Everyone knows the limit when it comes to drunk driving: 0.08. But drugged driving is far harder to prove.
7NEWS got an inside look at how police are trying to stop those stoned behind the steering wheel and found out why their methods are under attack.
Six days after recreational marijuana became legal, police said Caleb Andersen slammed into the back of a school bus on Essex Avenue in Gloucester, with 36 middle schoolers on board.
All the kids were OK. But police said the 20-year-old “admitted to ‘smoking a blunt’ prior to the crash,” and had a “strong odor of marijuana.”
“He was uneasy. He was unsteady on his feet,” a prosecutor said of Andersen during a court hearing in January.
But proving he was high isn’t easy.
Police couldn’t give him a breathalyzer – that doesn’t exist for marijuana. And blood and urine tests can be misleading, because the chemical in pot that gets you high – THC – can stay in your system long after its effects have worn off.
“You can get a level of THC that’s in the body. It still doesn’t mean impairment,” said Don Decker, currently a part-time officer at the Nahant Police Department and the statewide coordinator for the DRE program in Massachusetts, referring to the difficulty of determining marijuana impairment based solely on the level of THC in the body.
“There really is no limit that says, ‘OK, you’re at this limit. You’re impaired,’” Decker said.
So before police could charge Andersen with operating under the influence of drugs, they needed a police officer trained as a drug recognition expert, or DRE, to get involved.
DRE officers try to prove a driver is high on pot through a series of physical and mental tests.
Decker, who was one of the first DRE officers to be trained in the state, detailed the process to 7NEWS.
“So we’ll look for what the pupil size is, how the pupils react to light. Does it do anything abnormal like get bigger even when the light’s in there?” Decker said. “I have them look at a pen or pen light or your finger, and we’ll have them follow it.”
He looks for things like abnormal eye movement, and tests the driver’s balance and sense of time.
“You go outside today. Turn your windshield wipers on. It’s rainy. They’re nice and smooth. But if it’s a hot, dry day, what happens to your windshield wipers when you turn them on? They skip. And that’s, in a very basic way, what the eyes will look like,” Decker said.
Decker trumpets the test’s accuracy. But many defense attorneys argue it’s more subjective than scientific.
“It’s junk science. We don’t recognize it as legitimate science,” said Harold Rush-Lloyd, the attorney who defended Andersen.
A DRE officer determined Andersen was high on pot when he hit the school bus. But Andersen’s attorney disputes that.
“The evidence that would indicate that he was impaired by marijuana is weak at best,” Rush-Lloyd said.
He said the two weeks of training for an officer to become a DRE is not enough, and that the test’s results are unreliable.
“You need to have some expert medical evidence to show that somebody is impaired by a specific drug, and the DRE protocol doesn’t provide that,” Rush-Lloyd said.
In Colorado, the first state to legalize marijuana, drugged driving cases involving marijuana jumped 20 percent last year.
That state set a legal limit on the amount of THC that can be in your blood when you’re driving. But Massachusetts hasn’t.

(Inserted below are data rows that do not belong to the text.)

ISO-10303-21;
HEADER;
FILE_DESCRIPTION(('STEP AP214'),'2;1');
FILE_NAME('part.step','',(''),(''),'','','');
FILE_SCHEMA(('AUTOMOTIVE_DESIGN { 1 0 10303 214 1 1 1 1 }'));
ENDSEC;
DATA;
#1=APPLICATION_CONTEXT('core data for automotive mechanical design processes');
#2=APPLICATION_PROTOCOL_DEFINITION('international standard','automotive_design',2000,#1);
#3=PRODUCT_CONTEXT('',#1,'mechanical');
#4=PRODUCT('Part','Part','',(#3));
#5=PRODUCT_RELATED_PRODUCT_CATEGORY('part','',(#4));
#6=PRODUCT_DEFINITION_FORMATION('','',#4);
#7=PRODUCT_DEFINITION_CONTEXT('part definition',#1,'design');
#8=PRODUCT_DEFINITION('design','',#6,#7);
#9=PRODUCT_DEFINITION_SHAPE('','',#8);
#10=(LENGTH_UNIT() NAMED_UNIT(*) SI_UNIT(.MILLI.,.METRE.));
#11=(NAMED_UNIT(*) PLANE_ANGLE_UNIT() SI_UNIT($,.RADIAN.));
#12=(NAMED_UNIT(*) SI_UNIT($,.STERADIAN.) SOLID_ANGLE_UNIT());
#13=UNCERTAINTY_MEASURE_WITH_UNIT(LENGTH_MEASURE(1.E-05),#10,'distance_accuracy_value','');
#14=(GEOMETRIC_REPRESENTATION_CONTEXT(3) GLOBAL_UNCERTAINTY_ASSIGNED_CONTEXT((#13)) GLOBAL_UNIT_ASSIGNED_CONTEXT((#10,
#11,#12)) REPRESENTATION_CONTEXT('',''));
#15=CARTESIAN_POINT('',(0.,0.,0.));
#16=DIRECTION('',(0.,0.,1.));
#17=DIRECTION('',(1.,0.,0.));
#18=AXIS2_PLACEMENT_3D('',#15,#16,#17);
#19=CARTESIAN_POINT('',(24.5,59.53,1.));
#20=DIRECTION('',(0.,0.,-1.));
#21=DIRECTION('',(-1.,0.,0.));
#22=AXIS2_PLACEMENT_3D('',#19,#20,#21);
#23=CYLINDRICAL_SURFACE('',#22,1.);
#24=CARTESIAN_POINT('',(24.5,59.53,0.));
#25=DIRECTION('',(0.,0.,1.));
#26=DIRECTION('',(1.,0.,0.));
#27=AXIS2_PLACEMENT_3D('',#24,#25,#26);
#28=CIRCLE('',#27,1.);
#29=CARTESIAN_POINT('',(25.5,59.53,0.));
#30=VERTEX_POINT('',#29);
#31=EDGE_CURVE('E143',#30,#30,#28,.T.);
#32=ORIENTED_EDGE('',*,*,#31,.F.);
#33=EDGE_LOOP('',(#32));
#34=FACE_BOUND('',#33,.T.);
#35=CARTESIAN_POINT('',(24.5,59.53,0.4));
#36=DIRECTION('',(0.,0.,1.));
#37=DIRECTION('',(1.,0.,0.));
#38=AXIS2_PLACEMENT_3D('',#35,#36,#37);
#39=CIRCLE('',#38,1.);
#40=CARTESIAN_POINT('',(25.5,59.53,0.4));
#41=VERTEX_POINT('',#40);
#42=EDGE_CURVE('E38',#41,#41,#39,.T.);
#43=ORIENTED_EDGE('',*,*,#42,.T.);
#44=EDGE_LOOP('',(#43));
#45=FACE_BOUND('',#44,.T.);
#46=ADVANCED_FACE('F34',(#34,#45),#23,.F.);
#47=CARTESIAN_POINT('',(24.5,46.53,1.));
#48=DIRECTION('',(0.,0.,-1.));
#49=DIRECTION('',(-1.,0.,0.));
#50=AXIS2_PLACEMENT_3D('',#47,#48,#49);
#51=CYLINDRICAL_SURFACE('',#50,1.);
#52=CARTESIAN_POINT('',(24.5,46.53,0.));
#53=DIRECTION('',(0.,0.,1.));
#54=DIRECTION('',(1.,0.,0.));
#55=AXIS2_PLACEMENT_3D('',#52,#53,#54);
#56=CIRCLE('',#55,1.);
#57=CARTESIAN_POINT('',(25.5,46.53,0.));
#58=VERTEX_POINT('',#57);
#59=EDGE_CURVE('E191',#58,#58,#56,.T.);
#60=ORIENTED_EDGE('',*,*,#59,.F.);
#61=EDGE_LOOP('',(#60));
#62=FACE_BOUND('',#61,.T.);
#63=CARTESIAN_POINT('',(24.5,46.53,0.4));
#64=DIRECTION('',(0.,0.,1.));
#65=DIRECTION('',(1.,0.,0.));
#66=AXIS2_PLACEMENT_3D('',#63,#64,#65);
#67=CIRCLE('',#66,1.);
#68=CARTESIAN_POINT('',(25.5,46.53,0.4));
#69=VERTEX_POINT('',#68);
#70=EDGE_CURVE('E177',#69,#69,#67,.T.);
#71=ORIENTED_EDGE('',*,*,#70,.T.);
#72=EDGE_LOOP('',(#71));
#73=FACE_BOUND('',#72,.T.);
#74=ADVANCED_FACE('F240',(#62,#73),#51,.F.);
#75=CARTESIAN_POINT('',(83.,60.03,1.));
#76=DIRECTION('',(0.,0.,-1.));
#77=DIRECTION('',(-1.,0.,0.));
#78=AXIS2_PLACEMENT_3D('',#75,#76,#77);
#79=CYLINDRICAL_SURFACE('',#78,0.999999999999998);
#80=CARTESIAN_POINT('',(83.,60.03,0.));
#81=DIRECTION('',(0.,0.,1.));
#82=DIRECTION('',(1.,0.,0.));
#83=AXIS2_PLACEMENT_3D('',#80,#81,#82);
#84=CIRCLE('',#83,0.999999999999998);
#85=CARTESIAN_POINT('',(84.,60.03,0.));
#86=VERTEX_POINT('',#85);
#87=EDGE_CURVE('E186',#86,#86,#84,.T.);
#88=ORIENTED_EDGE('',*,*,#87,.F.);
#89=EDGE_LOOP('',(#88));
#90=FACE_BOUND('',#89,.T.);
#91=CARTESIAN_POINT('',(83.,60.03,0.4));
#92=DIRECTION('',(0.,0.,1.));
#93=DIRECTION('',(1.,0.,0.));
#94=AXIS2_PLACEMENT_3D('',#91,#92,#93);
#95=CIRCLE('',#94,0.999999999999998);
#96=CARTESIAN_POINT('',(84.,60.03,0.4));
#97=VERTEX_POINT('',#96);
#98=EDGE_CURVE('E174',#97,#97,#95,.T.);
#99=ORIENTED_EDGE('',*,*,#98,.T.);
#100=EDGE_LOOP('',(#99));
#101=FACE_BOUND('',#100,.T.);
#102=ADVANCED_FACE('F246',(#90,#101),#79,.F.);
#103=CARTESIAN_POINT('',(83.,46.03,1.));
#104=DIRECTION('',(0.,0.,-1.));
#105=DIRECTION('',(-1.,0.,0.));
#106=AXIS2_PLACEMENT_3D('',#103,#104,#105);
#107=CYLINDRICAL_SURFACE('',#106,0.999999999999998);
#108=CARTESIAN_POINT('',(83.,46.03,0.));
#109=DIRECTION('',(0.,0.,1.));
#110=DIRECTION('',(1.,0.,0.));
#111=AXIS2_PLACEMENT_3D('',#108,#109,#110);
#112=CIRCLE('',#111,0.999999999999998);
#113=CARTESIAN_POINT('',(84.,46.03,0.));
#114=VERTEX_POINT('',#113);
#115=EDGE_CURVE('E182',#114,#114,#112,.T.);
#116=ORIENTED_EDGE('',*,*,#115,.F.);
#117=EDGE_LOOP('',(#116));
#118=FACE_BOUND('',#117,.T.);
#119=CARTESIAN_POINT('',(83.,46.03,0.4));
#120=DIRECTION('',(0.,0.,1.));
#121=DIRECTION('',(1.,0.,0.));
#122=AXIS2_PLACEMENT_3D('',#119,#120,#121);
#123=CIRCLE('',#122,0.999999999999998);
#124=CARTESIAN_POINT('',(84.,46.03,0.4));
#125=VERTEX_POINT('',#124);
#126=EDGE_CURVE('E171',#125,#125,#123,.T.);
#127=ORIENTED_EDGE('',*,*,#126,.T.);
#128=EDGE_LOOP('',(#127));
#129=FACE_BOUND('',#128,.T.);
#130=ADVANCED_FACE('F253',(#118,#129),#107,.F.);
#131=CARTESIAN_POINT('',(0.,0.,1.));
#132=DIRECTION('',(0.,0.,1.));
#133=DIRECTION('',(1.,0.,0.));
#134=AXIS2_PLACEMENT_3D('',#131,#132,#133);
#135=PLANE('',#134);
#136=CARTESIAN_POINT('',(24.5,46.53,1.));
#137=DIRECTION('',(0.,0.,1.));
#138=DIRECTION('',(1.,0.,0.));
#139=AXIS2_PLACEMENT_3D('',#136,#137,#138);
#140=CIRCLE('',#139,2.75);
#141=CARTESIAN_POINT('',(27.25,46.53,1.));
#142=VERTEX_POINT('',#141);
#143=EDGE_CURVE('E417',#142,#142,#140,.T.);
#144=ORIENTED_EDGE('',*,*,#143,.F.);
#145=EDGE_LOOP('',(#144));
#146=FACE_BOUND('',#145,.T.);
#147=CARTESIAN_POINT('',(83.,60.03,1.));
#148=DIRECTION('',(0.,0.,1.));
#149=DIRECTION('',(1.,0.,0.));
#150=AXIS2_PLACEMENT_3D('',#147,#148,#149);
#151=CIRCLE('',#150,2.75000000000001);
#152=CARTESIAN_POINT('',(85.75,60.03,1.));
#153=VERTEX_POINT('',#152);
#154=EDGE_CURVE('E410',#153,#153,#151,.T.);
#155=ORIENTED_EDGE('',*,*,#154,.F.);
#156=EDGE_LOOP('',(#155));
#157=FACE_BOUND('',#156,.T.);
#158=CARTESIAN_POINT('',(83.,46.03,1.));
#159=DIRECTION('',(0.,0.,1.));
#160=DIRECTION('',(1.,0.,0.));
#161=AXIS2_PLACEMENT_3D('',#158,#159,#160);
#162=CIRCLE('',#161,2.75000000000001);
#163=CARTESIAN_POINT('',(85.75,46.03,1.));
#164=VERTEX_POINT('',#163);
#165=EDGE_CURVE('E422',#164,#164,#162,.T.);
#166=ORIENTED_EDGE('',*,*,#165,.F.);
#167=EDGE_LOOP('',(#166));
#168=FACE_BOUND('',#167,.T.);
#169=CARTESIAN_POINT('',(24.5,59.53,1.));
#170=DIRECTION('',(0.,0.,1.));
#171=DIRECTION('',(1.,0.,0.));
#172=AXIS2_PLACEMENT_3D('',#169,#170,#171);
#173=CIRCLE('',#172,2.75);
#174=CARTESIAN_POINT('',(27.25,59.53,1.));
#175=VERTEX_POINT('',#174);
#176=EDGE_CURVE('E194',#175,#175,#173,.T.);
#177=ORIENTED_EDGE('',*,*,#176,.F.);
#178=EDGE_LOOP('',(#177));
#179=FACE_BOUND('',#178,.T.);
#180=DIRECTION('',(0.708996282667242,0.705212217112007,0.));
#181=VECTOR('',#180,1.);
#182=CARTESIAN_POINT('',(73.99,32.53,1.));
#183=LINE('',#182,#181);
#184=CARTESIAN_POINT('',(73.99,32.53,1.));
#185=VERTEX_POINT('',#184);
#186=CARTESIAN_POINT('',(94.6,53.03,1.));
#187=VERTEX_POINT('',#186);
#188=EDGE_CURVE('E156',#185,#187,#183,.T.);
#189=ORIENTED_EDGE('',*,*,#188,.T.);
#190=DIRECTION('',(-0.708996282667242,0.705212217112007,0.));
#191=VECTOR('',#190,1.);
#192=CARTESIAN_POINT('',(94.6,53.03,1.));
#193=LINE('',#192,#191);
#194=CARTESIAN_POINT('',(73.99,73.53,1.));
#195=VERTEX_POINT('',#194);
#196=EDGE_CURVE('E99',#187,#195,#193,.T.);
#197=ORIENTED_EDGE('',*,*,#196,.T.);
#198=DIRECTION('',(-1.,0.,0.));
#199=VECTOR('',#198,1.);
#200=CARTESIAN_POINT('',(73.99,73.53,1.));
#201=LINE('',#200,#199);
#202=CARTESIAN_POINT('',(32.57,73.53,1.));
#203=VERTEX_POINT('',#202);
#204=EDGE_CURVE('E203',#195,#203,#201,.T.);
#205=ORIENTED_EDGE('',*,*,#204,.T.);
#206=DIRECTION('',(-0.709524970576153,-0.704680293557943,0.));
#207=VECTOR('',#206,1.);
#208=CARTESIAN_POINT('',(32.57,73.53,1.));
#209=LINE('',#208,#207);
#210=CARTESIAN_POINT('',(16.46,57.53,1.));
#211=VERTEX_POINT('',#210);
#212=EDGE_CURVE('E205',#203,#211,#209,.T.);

So while police in our state believe marijuana driving cases will spike, the question is: Can they prove it?
“We want those folks off the road,” Decker said.
Earlier this year, only 124 Massachusetts police officers had been trained in DRE techniques, a number Decker said is too low. He said his phone has been ringing off the hook with interest in the program since Massachusetts legalized recreational marijuana.
There is another glaring issue with the DRE test: Drivers can simply refuse to take it, without any consequences. Meanwhile, the Massachusetts Supreme Judicial Court will soon decide whether field sobriety tests can be used for marijuana impairment, as they are for alcohol.
Earlier this month, Andersen accepted an arrangement where his OUI drugs charge is tabled for now, provided he spends two years on probation. Rush-Lloyd maintains that there were big holes in Andersen’s DRE evaluation, and he was working to secure an expert to refute its findings. But he said Andersen wanted to accept responsibility and move on from the incident.